**Aim of the exercise**
Show all lines containing "footprint" from the data below.
Information given START
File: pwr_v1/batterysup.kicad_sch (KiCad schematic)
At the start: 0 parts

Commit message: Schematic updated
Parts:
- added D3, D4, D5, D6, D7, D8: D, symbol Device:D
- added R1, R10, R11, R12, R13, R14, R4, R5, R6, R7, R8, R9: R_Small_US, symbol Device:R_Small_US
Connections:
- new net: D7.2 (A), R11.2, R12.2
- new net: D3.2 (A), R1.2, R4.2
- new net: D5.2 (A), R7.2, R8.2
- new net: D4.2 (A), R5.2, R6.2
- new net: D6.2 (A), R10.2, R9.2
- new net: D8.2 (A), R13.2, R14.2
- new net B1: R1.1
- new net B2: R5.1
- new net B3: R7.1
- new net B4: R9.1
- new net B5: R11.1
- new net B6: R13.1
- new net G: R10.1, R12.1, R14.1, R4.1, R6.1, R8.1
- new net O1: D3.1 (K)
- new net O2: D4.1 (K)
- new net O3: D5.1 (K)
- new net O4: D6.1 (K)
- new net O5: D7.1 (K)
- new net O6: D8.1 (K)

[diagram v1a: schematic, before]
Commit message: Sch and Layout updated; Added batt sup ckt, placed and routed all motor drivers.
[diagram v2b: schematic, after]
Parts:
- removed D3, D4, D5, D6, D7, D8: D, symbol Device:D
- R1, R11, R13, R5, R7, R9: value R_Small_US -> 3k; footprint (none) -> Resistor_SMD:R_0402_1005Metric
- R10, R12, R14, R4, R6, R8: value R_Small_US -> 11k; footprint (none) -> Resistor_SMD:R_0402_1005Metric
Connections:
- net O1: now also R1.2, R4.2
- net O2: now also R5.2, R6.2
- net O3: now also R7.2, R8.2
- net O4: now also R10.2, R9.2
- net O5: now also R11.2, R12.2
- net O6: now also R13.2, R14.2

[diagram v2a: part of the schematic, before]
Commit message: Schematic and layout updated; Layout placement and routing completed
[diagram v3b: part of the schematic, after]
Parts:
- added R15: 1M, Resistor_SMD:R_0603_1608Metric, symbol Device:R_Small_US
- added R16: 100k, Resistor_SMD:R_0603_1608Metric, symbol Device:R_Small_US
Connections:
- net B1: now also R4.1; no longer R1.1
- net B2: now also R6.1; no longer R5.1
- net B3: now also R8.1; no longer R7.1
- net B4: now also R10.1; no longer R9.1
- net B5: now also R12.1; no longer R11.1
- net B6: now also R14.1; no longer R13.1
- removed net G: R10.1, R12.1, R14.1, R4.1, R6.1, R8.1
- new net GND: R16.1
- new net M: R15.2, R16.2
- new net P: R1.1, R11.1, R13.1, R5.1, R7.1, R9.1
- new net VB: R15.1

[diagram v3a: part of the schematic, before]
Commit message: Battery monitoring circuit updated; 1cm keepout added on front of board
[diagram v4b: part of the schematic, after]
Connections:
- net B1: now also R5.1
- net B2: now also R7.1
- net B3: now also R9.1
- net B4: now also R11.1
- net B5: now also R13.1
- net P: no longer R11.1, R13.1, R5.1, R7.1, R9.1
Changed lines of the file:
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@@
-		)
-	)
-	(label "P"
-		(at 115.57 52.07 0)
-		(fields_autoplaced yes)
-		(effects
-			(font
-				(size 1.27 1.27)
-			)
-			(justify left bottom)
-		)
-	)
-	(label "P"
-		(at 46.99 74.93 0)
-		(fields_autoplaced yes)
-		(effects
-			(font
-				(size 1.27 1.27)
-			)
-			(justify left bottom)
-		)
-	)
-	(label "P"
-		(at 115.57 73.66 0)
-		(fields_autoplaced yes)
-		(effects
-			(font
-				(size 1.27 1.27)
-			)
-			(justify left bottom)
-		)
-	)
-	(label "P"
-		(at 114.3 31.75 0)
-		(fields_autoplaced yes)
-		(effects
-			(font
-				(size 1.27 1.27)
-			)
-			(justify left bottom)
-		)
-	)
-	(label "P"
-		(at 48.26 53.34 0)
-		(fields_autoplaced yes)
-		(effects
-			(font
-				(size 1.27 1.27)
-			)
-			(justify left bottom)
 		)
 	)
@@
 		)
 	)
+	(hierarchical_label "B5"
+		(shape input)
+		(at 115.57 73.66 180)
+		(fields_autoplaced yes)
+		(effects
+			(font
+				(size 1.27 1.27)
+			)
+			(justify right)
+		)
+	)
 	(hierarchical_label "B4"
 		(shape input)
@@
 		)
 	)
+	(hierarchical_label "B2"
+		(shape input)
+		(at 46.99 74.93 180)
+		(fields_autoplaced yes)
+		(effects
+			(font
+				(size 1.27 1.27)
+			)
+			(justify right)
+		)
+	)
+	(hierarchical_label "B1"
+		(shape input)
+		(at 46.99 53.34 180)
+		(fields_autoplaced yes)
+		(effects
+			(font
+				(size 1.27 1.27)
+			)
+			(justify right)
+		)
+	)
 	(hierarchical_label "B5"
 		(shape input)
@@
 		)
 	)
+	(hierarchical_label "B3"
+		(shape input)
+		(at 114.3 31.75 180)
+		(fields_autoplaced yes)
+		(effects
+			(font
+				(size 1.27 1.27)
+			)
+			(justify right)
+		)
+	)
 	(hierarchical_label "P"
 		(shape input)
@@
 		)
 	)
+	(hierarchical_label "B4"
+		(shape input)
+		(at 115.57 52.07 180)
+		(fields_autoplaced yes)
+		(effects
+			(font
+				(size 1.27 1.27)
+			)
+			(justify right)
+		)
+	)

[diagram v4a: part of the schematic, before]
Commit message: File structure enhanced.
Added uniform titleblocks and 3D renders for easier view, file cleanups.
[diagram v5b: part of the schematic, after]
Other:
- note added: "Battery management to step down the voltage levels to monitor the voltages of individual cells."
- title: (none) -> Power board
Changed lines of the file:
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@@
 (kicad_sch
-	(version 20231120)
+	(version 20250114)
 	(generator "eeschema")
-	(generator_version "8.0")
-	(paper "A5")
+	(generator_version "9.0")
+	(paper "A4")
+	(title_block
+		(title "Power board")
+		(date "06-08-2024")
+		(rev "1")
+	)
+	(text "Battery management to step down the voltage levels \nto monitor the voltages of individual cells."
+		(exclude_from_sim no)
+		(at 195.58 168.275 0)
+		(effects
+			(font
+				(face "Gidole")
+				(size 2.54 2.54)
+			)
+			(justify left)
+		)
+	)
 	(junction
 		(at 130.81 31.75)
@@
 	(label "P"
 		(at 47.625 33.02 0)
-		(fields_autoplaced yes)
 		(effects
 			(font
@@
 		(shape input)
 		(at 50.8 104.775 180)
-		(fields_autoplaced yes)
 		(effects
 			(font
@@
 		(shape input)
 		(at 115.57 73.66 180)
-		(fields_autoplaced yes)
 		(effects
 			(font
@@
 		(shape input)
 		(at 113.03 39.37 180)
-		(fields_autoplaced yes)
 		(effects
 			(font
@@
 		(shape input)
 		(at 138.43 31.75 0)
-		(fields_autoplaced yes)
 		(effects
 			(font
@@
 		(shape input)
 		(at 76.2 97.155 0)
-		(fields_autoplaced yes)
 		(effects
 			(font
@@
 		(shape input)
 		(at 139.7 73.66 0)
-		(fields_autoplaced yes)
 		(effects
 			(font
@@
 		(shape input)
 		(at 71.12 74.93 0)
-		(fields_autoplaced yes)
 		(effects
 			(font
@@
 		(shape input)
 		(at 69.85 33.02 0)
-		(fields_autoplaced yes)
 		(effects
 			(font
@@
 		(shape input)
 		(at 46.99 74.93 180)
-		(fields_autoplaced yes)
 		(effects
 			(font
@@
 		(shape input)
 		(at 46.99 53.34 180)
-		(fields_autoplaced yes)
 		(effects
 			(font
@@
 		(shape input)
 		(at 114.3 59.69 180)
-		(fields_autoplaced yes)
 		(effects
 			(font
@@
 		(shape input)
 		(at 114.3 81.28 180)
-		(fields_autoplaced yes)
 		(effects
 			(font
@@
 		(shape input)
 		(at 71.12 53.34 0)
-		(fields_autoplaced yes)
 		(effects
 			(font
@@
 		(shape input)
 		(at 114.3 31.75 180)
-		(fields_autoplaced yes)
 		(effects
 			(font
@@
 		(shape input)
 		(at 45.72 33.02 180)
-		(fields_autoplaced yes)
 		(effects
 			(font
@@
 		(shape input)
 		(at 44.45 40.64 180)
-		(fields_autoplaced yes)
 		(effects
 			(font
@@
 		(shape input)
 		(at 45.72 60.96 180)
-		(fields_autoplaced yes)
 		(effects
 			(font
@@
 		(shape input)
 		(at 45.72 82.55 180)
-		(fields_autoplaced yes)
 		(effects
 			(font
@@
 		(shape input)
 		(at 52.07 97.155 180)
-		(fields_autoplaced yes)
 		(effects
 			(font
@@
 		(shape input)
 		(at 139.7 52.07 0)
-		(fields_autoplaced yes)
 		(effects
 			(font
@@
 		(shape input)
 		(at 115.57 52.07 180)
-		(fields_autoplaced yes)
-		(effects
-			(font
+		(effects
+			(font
Information given END
**Written response**
- R1, R11, R13, R5, R7, R9: value R_Small_US -> 3k; footprint (none) -> Resistor_SMD:R_0402_1005Metric
- R10, R12, R14, R4, R6, R8: value R_Small_US -> 11k; footprint (none) -> Resistor_SMD:R_0402_1005Metric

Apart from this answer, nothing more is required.